Object-Oriented Programming

   

Java™ 2 Primer Plus
By Steven Haines, Steve Potts

Table of Contents
Chapter 6.  Classes


After years of developing applications using data structures and the divide and conquer technique, a new thought-pattern emerged that modeled computer programs after real-world objects. The thought is that you do not think of a car as a set of attributes, and then define methods to manipulate those attributes.

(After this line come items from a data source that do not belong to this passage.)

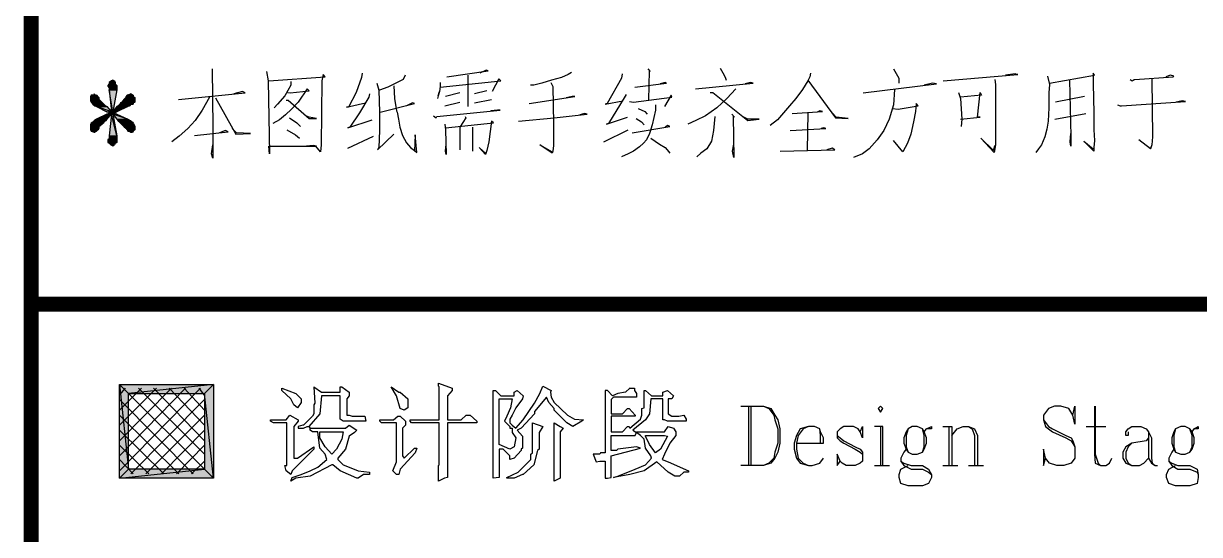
# Model space of a CAD drawing. Extents: x 74607 to 188346, y 27287 to 39167.
# Drawn here: x 114942 to 115725, y 37374 to 37714 of the extents above; entities that cross this region are included whole.
import ezdxf
from ezdxf.enums import TextEntityAlignment as Align

# ---------------------------------------------------------------- set-up
doc = ezdxf.new("R2010")
doc.units = 0
doc.header["$LTSCALE"] = 1000
doc.header["$MEASUREMENT"] = 0
doc.linetypes.add('DASHED2', pattern=[0.375, 0.25, -0.125])
doc.layers.add('DIM_LEAD', color=3, linetype='Continuous')
doc.layers.add('龙骨虚线', color=165, linetype='DASHED2')
doc.styles.get("Standard").update_dxf_attribs({"font": 'gbenor.shx', "bigfont": 'gbcbig.shx'})

# ---------------------------------------------------------------- blocks, each defined once
blk = doc.blocks.new('A1')
at = {"linetype": 'Continuous'}
for points in [[(-77.27, 519.463), (-77.32, 519.438), (-77.22, 519.438)], [(-77.395, 519.338), (-77.445, 519.288), (-77.145, 519.288)], [(-77.445, 519.288), (-77.445, 519.263), (-77.145, 519.263)], [(-77.445, 519.288), (-77.145, 519.288), (-77.145, 519.263)], [(-77.445, 519.263), (-77.395, 519.213), (-77.145, 519.213)], [(-77.445, 519.263), (-77.145, 519.263), (-77.145, 519.213)], [(-77.32, 519.438), (-77.395, 519.388), (-77.195, 519.388)], [(-77.395, 519.388), (-77.395, 519.338), (-77.195, 519.338)], [(-77.395, 519.388), (-77.195, 519.388), (-77.195, 519.338)], [(-77.395, 519.338), (-77.195, 519.338), (-77.145, 519.288)], [(-77.395, 519.213), (-77.395, 519.138), (-77.145, 519.138)], [(-77.395, 519.213), (-77.145, 519.213), (-77.145, 519.138)], [(-77.395, 519.138), (-77.32, 518.413), (-77.27, 518.413)], [(-77.395, 519.138), (-77.145, 519.138), (-77.27, 518.413)], [(-77.32, 519.438), (-77.22, 519.438), (-77.195, 519.388)], [(-77.995, 518.963), (-78.02, 518.913), (-77.77, 518.913)], [(-78.02, 518.913), (-78.02, 518.888), (-77.745, 518.888)], [(-78.02, 518.913), (-77.77, 518.913), (-77.745, 518.888)], [(-78.02, 518.888), (-78.02, 518.838), (-77.745, 518.838)], [(-78.02, 518.888), (-77.745, 518.888), (-77.745, 518.838)], [(-78.02, 518.838), (-78.02, 518.788), (-77.695, 518.788)], [(-78.02, 518.838), (-77.745, 518.838), (-77.695, 518.788)], [(-78.02, 518.788), (-77.995, 518.738), (-77.645, 518.738)], [(-78.02, 518.788), (-77.695, 518.788), (-77.645, 518.738)], [(-77.995, 518.963), (-77.82, 518.963), (-77.77, 518.913)], [(-77.995, 518.738), (-77.945, 518.663), (-77.57, 518.663)], [(-77.995, 518.738), (-77.645, 518.738), (-77.57, 518.663)], [(-77.945, 518.663), (-77.87, 518.613), (-77.52, 518.613)], [(-77.945, 518.663), (-77.57, 518.663), (-77.52, 518.613)], [(-77.895, 519.013), (-77.895, 518.963), (-77.87, 518.963)], [(-77.045, 518.663), (-77.095, 518.613), (-76.72, 518.613)], [(-77.02, 518.713), (-77.045, 518.663), (-76.595, 518.663)], [(-77.045, 518.663), (-76.67, 518.663), (-76.72, 518.613)], [(-76.97, 518.738), (-77.02, 518.713), (-76.595, 518.713)], [(-77.02, 518.713), (-76.595, 518.713), (-76.595, 518.663)], [(-76.895, 518.838), (-76.97, 518.738), (-76.545, 518.738)], [(-76.97, 518.738), (-76.545, 518.738), (-76.595, 518.713)], [(-76.845, 518.888), (-76.895, 518.838), (-76.545, 518.838)], [(-76.895, 518.838), (-76.545, 518.838), (-76.545, 518.738)], [(-76.795, 518.963), (-76.845, 518.913), (-76.595, 518.913)], [(-76.845, 518.913), (-76.845, 518.888), (-76.545, 518.888)], [(-76.845, 518.913), (-76.595, 518.913), (-76.545, 518.888)], [(-76.845, 518.888), (-76.545, 518.888), (-76.545, 518.838)], [(-76.795, 518.963), (-76.595, 518.963), (-76.595, 518.913)], [(-76.67, 519.013), (-76.77, 518.963), (-76.595, 518.963)], [(-77.87, 518.613), (-77.82, 518.588), (-77.47, 518.588)], [(-77.87, 518.613), (-77.52, 518.613), (-77.47, 518.588)], [(-77.82, 518.588), (-77.47, 518.413), (-77.32, 518.413)], [(-77.82, 518.588), (-77.47, 518.588), (-77.32, 518.413)], [(-77.47, 518.338), (-77.82, 518.163), (-77.47, 518.163)], [(-77.47, 518.413), (-77.27, 518.413), (-77.345, 518.363)], [(-77.345, 518.363), (-77.47, 518.338), (-77.27, 518.338)], [(-77.47, 518.338), (-77.32, 518.338), (-77.47, 518.163)], [(-77.32, 518.338), (-77.395, 517.613), (-77.145, 517.613)], [(-77.27, 518.413), (-77.345, 518.363), (-77.22, 518.363)], [(-77.345, 518.363), (-77.27, 518.338), (-77.145, 518.338)], [(-77.345, 518.363), (-77.22, 518.363), (-77.145, 518.338)], [(-77.32, 518.338), (-77.27, 518.338), (-77.145, 517.613)], [(-77.145, 518.588), (-77.27, 518.413), (-77.145, 518.413)], [(-77.27, 518.413), (-77.145, 518.413), (-77.22, 518.363)], [(-77.27, 518.338), (-77.145, 518.163), (-76.77, 518.163)], [(-77.27, 518.338), (-77.145, 518.338), (-76.77, 518.163)], [(-77.095, 518.613), (-77.145, 518.588), (-76.77, 518.588)], [(-77.145, 518.588), (-76.77, 518.588), (-77.145, 518.413)], [(-77.095, 518.613), (-76.72, 518.613), (-76.77, 518.588)], [(-77.995, 518.038), (-78.02, 517.988), (-77.645, 517.988)], [(-78.02, 517.988), (-78.02, 517.913), (-77.745, 517.913)], [(-78.02, 517.988), (-77.645, 517.988), (-77.745, 517.913)], [(-78.02, 517.913), (-78.02, 517.863), (-77.745, 517.863)], [(-78.02, 517.913), (-77.745, 517.913), (-77.745, 517.863)], [(-77.945, 518.063), (-77.995, 518.038), (-77.595, 518.038)], [(-77.995, 518.038), (-77.595, 518.038), (-77.645, 517.988)], [(-77.895, 518.113), (-77.945, 518.063), (-77.57, 518.063)], [(-77.945, 518.063), (-77.57, 518.063), (-77.595, 518.038)], [(-77.82, 518.163), (-77.895, 518.113), (-77.52, 518.113)], [(-77.895, 518.113), (-77.52, 518.113), (-77.57, 518.063)], [(-77.82, 518.163), (-77.47, 518.163), (-77.52, 518.113)], [(-77.145, 518.163), (-77.095, 518.113), (-76.67, 518.113)], [(-77.145, 518.163), (-76.77, 518.163), (-76.67, 518.113)], [(-77.095, 518.113), (-77.045, 518.063), (-76.62, 518.063)], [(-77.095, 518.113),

You instead think of a car in terms of both attributes and behavior: a car has an engine, four wheels, and two doors and you can turn it on, accelerate it, put it in reverse, and turn it off. Because real-world objects do not decouple the interaction between attributes and actions (behavior), why should computer programs?

When you accelerate a car you don't need to think about a fuel tank firing gas into a combustion chamber, which generates heat and eventually turns the wheels; you just press the gas pedal and the car goes the things happening internally do not concern you!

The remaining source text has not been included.